### EXERCISE AIM
Work through the records below and copy every line that includes "points".

[Collected data]
=== Begin Enclosure ===

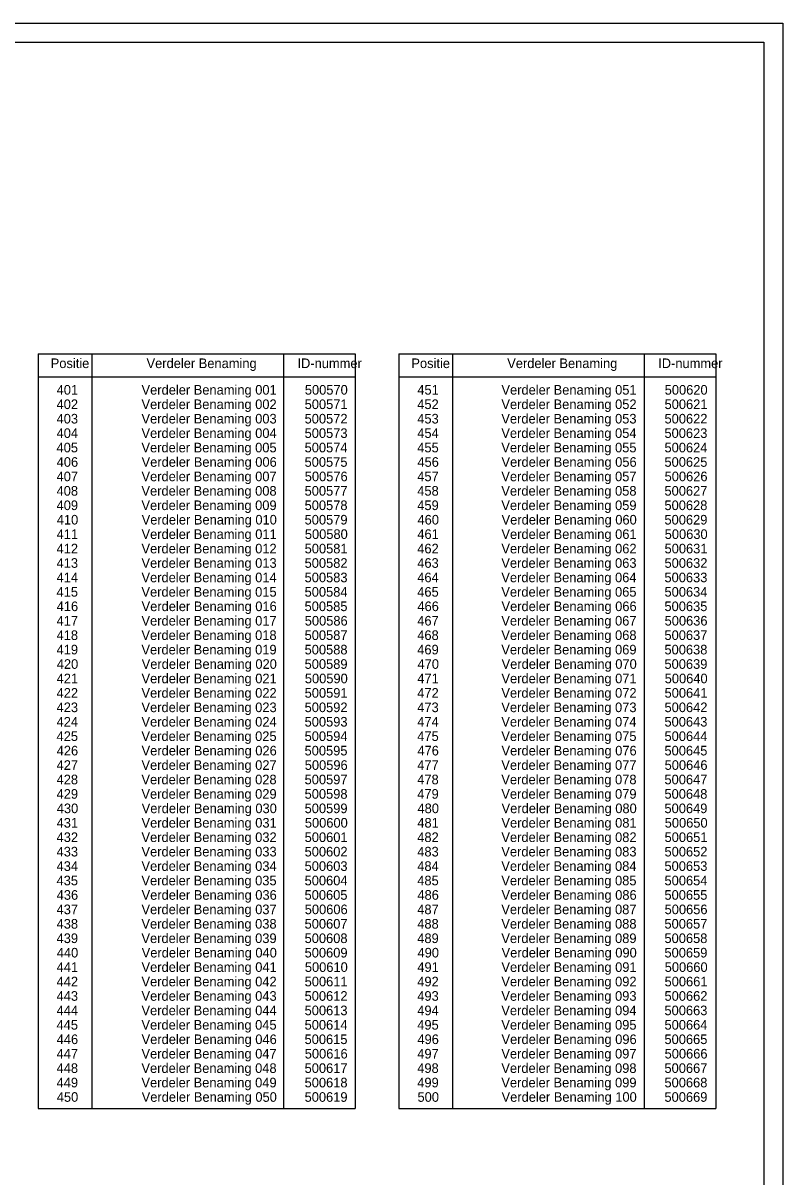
# Model space of a CAD drawing. Extents: x 692.7 to 772, y 1563.6 to 1616.7.
# Drawn here: x 755.1 to 770.89, y 1592.73 to 1616.71 of the extents above; entities that cross this region are included whole.
import ezdxf

# ---------------------------------------------------------------- set-up
doc = ezdxf.new("R2010")
doc.units = 0
doc.layers.add('Default', color=7, linetype='Continuous')
doc.layers.add('Kader', color=7, linetype='Continuous')

msp = doc.modelspace()

# ---------------------------------------------------------------- linework, layer by layer
at = {"layer": 'Default'}
for p, q in [((755.408, 1609.836), (755.408, 1594.145)), ((755.408, 1609.836), (762.001, 1609.836)), ((756.524, 1609.836), (756.524, 1594.145)), ((760.512, 1609.836), (760.512, 1594.145)), ((762.001, 1609.836), (762.001, 1594.145)), ((762.906, 1609.836), (762.906, 1594.145)), ((762.906, 1609.836), (769.499, 1609.836)), ((764.023, 1609.836), (764.023, 1594.145)), ((768.011, 1609.836), (768.011, 1594.145)), ((769.499, 1609.836), (769.499, 1594.145)), ((755.408, 1609.36), (762.001, 1609.36)), ((762.906, 1609.36), (769.499, 1609.36)), ((755.408, 1594.145), (762.001, 1594.145)), ((762.906, 1594.145), (769.499, 1594.145))]:
    msp.add_line(p, q, dxfattribs=at)
at = {"layer": 'Kader'}
for points in [[(692.73, 1616.711), (770.894, 1616.711), (770.894, 1563.581), (692.73, 1563.581)], [(693.124, 1616.316), (770.5, 1616.316), (770.5, 1563.975), (693.124, 1563.975)]]:
    msp.add_lwpolyline(points, close=True, dxfattribs=at)

# ---------------------------------------------------------------- texts
at = {"layer": 'Default'}
for s, p in [('Positie', (755.672, 1609.539)), ('Verdeler Benaming', (757.664, 1609.539)), ('ID-nummer', (760.802, 1609.539)), ('Positie', (763.17, 1609.539)), ('Verdeler Benaming', (765.162, 1609.539)), ('ID-nummer', (768.301, 1609.539)), ('401', (755.795, 1608.987)), ('Verdeler Benaming 001', (757.56, 1608.987)), ('500570', (760.955, 1608.987)), ('500570', (760.955, 1608.987)), ('451', (763.293, 1608.987)), ('Verdeler Benaming 051', (765.042, 1608.987)), ('500620', (768.436, 1608.987)), ('402', (755.794, 1608.687)), ('Verdeler Benaming 002', (757.559, 1608.687)), ('500571', (760.951, 1608.687)), ('452', (763.292, 1608.687)), ('Verdeler Benaming 052', (765.041, 1608.687)), ('500621', (768.433, 1608.687)), ('403', (755.794, 1608.387)), ('Verdeler Benaming 003', (757.559, 1608.387)), ('500572', (760.95, 1608.387)), ('453', (763.292, 1608.387)), ('Verdeler Benaming 053', (765.04, 1608.387)), ('500622', (768.432, 1608.387)), ('404', (755.794, 1608.087)), ('Verdeler Benaming 004', (757.559, 1608.087)), ('500573', (760.95, 1608.087)), ('454', (763.292, 1608.087)), ('Verdeler Benaming 054', (765.04, 1608.087)), ('500623', (768.431, 1608.087)), ('405', (755.793, 1607.787)), ('Verdeler Benaming 005', (757.558, 1607.787)), ('500574', (760.95, 1607.787)), ('455', (763.292, 1607.787)), ('Verdeler Benaming 055', (765.04, 1607.787)), ('500624', (768.432, 1607.787)), ('406', (755.796, 1607.487)), ('Verdeler Benaming 006', (757.561, 1607.487)), ('500575', (760.949, 1607.487)), ('456', (763.295, 1607.487)), ('Verdeler Benaming 056', (765.043, 1607.487)), ('500625', (768.431, 1607.487)), ('407', (755.794, 1607.187)), ('Verdeler Benaming 007', (757.559, 1607.187)), ('500576', (760.953, 1607.187)), ('457', (763.292, 1607.187)), ('Verdeler Benaming 057', (765.04, 1607.187)), ('500626', (768.434, 1607.187)), ('408', (755.794, 1606.887)), ('Verdeler Benaming 008', (757.558, 1606.887)), ('500577', (760.95, 1606.887)), ('458', (763.292, 1606.887)), ('Verdeler Benaming 058', (765.04, 1606.887)), ('500627', (768.431, 1606.887)), ('409', (755.794, 1606.587)), ('Verdeler Benaming 009', (757.558, 1606.587)), ('500578', (760.95, 1606.587)), ('459', (763.292, 1606.587)), ('Verdeler Benaming 059', (765.04, 1606.587)), ('500628', (768.431, 1606.587)), ('410', (755.798, 1606.287)), ('Verdeler Benaming 010', (757.563, 1606.287)), ('500579', (760.95, 1606.287)), ('460', (763.297, 1606.287)), ('Verdeler Benaming 060', (765.045, 1606.287)), ('500629', (768.431, 1606.287)), ('411', (755.795, 1605.987)), ('Verdeler Benaming 011', (757.56, 1605.987)), ('500580', (760.955, 1605.987)), ('461', (763.293, 1605.987)), ('Verdeler Benaming 061', (765.042, 1605.987)), ('500630', (768.436, 1605.987)), ('412', (755.794, 1605.687)), ('Verdeler Benaming 012', (757.559, 1605.687)), ('500581', (760.951, 1605.687)), ('462', (763.292, 1605.687)), ('Verdeler Benaming 062', (765.041, 1605.687)), ('500631', (768.433, 1605.687)), ('413', (755.794, 1605.387)), ('Verdeler Benaming 013', (757.559, 1605.387)), ('500582', (760.95, 1605.387)), ('463', (763.292, 1605.387)), ('Verdeler Benaming 063', (765.04, 1605.387)), ('500632', (768.432, 1605.387)), ('414', (755.794, 1605.087)), ('Verdeler Benaming 014', (757.559, 1605.087)), ('500583', (760.95, 1605.087)), ('464', (763.292, 1605.087)), ('Verdeler Benaming 064', (765.04, 1605.087)), ('500633', (768.431, 1605.087)), ('415', (755.793, 1604.787)), ('Verdeler Benaming 015', (757.558, 1604.787)), ('500584', (760.95, 1604.787)), ('465', (763.292, 1604.787)), ('Verdeler Benaming 065', (765.04, 1604.787)), ('500634', (768.432, 1604.787)), ('416', (755.796, 1604.487)), ('Verdeler Benaming 016', (757.561, 1604.487)), ('500585', (760.949, 1604.487)), ('466', (763.295, 1604.487)), ('Verdeler Benaming 066', (765.043, 1604.487)), ('500635', (768.431, 1604.487)), ('417', (755.794, 1604.187)), ('Verdeler Benaming 017', (757.559, 1604.187)), ('500586', (760.953, 1604.187)), ('467', (763.292, 1604.187)), ('Verdeler Benaming 067', (765.04, 1604.187)), ('500636', (768.434, 1604.187)), ('418', (755.794, 1603.887)), ('Verdeler Benaming 018', (757.558, 1603.887)), ('500587', (760.95, 1603.887)), ('468', (763.292, 1603.887)), ('Verdeler Benaming 068', (765.04, 1603.887)), ('500637', (768.431, 1603.887)), ('419', (755.794, 1603.587)), ('Verdeler Benaming 019', (757.558, 1603.587)), ('500588', (760.95, 1603.587)), ('469', (763.292, 1603.587)), ('Verdeler Benaming 069', (765.04, 1603.587)), ('500638', (768.431, 1603.587)), ('420', (755.798, 1603.287)), ('Verdeler Benaming 020', (757.563, 1603.287)), ('500589', (760.95, 1603.287)), ('470', (763.297, 1603.287)), ('Verdeler Benaming 070', (765.045, 1603.287)), ('500639', (768.431, 1603.287)), ('421', (755.795, 1602.987)), ('Verdeler Benaming 021', (757.56, 1602.987)), ('500590', (760.955, 1602.987)), ('471', (763.293, 1602.987)), ('Verdeler Benaming 071', (765.042, 1602.987)), ('500640', (768.436, 1602.987)), ('422', (755.794, 1602.687)), ('Verdeler Benaming 022', (757.559, 1602.687)), ('500591', (760.951, 1602.687)), ('472', (763.292, 1602.687)), ('Verdeler Benaming 072', (765.041, 1602.687)), ('500641', (768.433, 1602.687)), ('423', (755.794, 1602.387)), ('Verdeler Benaming 023', (757.559, 1602.387)), ('500592', (760.95, 1602.387)), ('473', (763.292, 1602.387)), ('Verdeler Benaming 073', (765.04, 1602.387)), ('500642', (768.432, 1602.387)), ('424', (755.794, 1602.087)), ('Verdeler Benaming 024', (757.559, 1602.087)), ('500593', (760.95, 1602.087)), ('474', (763.292, 1602.087)), ('Verdeler Benaming 074', (765.04, 1602.087)), ('500643', (768.431, 1602.087)), ('425', (755.793, 1601.787)), ('Verdeler Benaming 025', (757.558, 1601.787)), ('500594', (760.95, 1601.787)), ('475', (763.292, 1601.787)), ('Verdeler Benaming 075', (765.04, 1601.787)), ('500644', (768.432, 1601.787)), ('426', (755.796, 1601.487)), ('Verdeler Benaming 026', (757.561, 1601.487)), ('500595', (760.949, 1601.487)), ('476', (763.295, 1601.487)), ('Verdeler Benaming 076', (765.043, 1601.487)), ('500645', (768.431, 1601.487)), ('427', (755.794, 1601.187)), ('Verdeler Benaming 027', (757.559, 1601.187)), ('500596', (760.953, 1601.187)), ('477', (763.292, 1601.187)), ('Verdeler Benaming 077', (765.04, 1601.187)), ('500646', (768.434, 1601.187)), ('428', (755.794, 1600.887)), ('Verdeler Benaming 028', (757.558, 1600.887)), ('500597', (760.95, 1600.887)), ('478', (763.292, 1600.887)), ('Verdeler Benaming 078', (765.04, 1600.887)), ('500647', (768.431, 1600.887)), ('429', (755.794, 1600.587)), ('Verdeler Benaming 029', (757.558, 1600.587)), ('500598', (760.95, 1600.587)), ('479', (763.292, 1600.587)), ('Verdeler Benaming 079', (765.04, 1600.587)), ('500648', (768.431, 1600.587)), ('430', (755.798, 1600.287)), ('Verdeler Benaming 030', (757.563, 1600.287)), ('500599', (760.95, 1600.287)), ('480', (763.297, 1600.287)), ('Verdeler Benaming 080', (765.045, 1600.287)), ('500649', (768.431, 1600.287)), ('431', (755.795, 1599.987)), ('Verdeler Benaming 031', (757.56, 1599.987)), ('500600', (760.955, 1599.987)), ('481', (763.293, 1599.987)), ('Verdeler Benaming 081', (765.042, 1599.987)), ('500650', (768.436, 1599.987)), ('432', (755.794, 1599.687)), ('Verdeler Benaming 032', (757.559, 1599.687)), ('500601', (760.951, 1599.687)), ('482', (763.292, 1599.687)), ('Verdeler Benaming 082', (765.041, 1599.687)), ('500651', (768.433, 1599.687)), ('433', (755.794, 1599.387)), ('Verdeler Benaming 033', (757.559, 1599.387)), ('500602', (760.95, 1599.387)), ('483', (763.292, 1599.387)), ('Verdeler Benaming 083', (765.04, 1599.387)), ('500652', (768.432, 1599.387)), ('434', (755.794, 1599.087)), ('Verdeler Benaming 034', (757.559, 1599.087)), ('500603', (760.95, 1599.087)), ('484', (763.292, 1599.087)), ('Verdeler Benaming 084', (765.04, 1599.087)), ('500653', (768.431, 1599.087)), ('435', (755.793, 1598.787)), ('Verdeler Benaming 035', (757.558, 1598.787)), ('500604', (760.95, 1598.787)), ('485', (763.292, 1598.787)), ('Verdeler Benaming 085', (765.04, 1598.787)), ('500654', (768.432, 1598.787)), ('436', (755.796, 1598.487)), ('Verdeler Benaming 036', (757.561, 1598.487)), ('500605', (760.949, 1598.487)), ('486', (763.295, 1598.487)), ('Verdeler Benaming 086', (765.043, 1598.487)), ('500655', (768.431, 1598.487)), ('437', (755.794, 1598.187)), ('Verdeler Benaming 037', (757.559, 1598.187)), ('500606', (760.953, 1598.187)), ('487', (763.292, 1598.187)), ('Verdeler Benaming 087', (765.04, 1598.187)), ('500656', (768.434, 1598.187)), ('438', (755.794, 1597.887)), ('Verdeler Benaming 038', (757.558, 1597.887)), ('500607', (760.95, 1597.887)), ('488', (763.292, 1597.887)), ('Verdeler Benaming 088', (765.04, 1597.887)), ('500657', (768.431, 1597.887)), ('439', (755.794, 1597.587)), ('Verdeler Benaming 039', (757.558, 1597.587)), ('500608', (760.95, 1597.587)), ('489', (763.292, 1597.587)), ('Verdeler Benaming 089', (765.04, 1597.587)), ('500658', (768.431, 1597.587)), ('440', (755.798, 1597.287)), ('Verdeler Benaming 040', (757.563, 1597.287)), ('500609', (760.95, 1597.287)), ('490', (763.297, 1597.287)), ('Verdeler Benaming 090', (765.045, 1597.287)), ('500659', (768.431, 1597.287)), ('441', (755.795, 1596.987)), ('Verdeler Benaming 041', (757.56, 1596.987)), ('500610', (760.955, 1596.987)), ('491', (763.293, 1596.987)), ('Verdeler Benaming 091', (765.042, 1596.987)), ('500660', (768.436, 1596.987)), ('442', (755.794, 1596.687)), ('Verdeler Benaming 042', (757.559, 1596.687)), ('500611', (760.951, 1596.687)), ('492', (763.292, 1596.687)), ('Verdeler Benaming 092', (765.041, 1596.687)), ('500661', (768.433, 1596.687)), ('443', (755.794, 1596.387)), ('Verdeler Benaming 043', (757.559, 1596.387)), ('500612', (760.95, 1596.387)), ('493', (763.292, 1596.387)), ('Verdeler Benaming 093', (765.04, 1596.387)), ('500662', (768.432, 1596.387)), ('444', (755.794, 1596.087)), ('Verdeler Benaming 044', (757.559, 1596.087)), ('500613', (760.95, 1596.087)), ('494', (763.292, 1596.087)), ('Verdeler Benaming 094', (765.04, 1596.087)), ('500663', (768.431, 1596.087)), ('445', (755.793, 1595.787)), ('Verdeler Benaming 045', (757.558, 1595.787)), ('500614', (760.95, 1595.787)), ('495', (763.292, 1595.787)), ('Verdeler Benaming 095', (765.04, 1595.787)), ('500664', (768.432, 1595.787)), ('446', (755.796, 1595.487)), ('Verdeler Benaming 046', (757.561, 1595.487)), ('500615', (760.949, 1595.487)), ('496', (763.295, 1595.487)), ('Verdeler Benaming 096', (765.043, 1595.487)), ('500665', (768.431, 1595.487)), ('447', (755.794, 1595.187)), ('Verdeler Benaming 047', (757.559, 1595.187)), ('500616', (760.953, 1595.187)), ('497', (763.292, 1595.187)), ('Verdeler Benaming 097', (765.04, 1595.187)), ('500666', (768.434, 1595.187)), ('448', (755.794, 1594.887)), ('Verdeler Benaming 048', (757.558, 1594.887)), ('500617', (760.95, 1594.887)), ('498', (763.292, 1594.887)), ('Verdeler Benaming 098', (765.04, 1594.887)), ('500667', (768.431, 1594.887)), ('449', (755.794, 1594.587)), ('Verdeler Benaming 049', (757.558, 1594.587)), ('500618', (760.95, 1594.587)), ('499', (763.292, 1594.587)), ('Verdeler Benaming 099', (765.04, 1594.587)), ('500668', (768.431, 1594.587)), ('450', (755.798, 1594.287)), ('Verdeler Benaming 050', (757.563, 1594.287)), ('500619', (760.95, 1594.287)), ('500', (763.297, 1594.287)), ('Verdeler Benaming 100', (765.045, 1594.287)), ('500669', (768.431, 1594.287))]:
    msp.add_text(s, height=0.2, dxfattribs=at).set_placement(p)

doc.saveas('drawing.dxf')

=== End Enclosure ===

### PROBLEM SOLUTION
for points in [[(692.73, 1616.711), (770.894, 1616.711), (770.894, 1563.581), (692.73, 1563.581)], [(693.124, 1616.316), (770.5, 1616.316), (770.5, 1563.975), (693.124, 1563.975)]]:
    msp.add_lwpolyline(points, close=True, dxfattribs=at)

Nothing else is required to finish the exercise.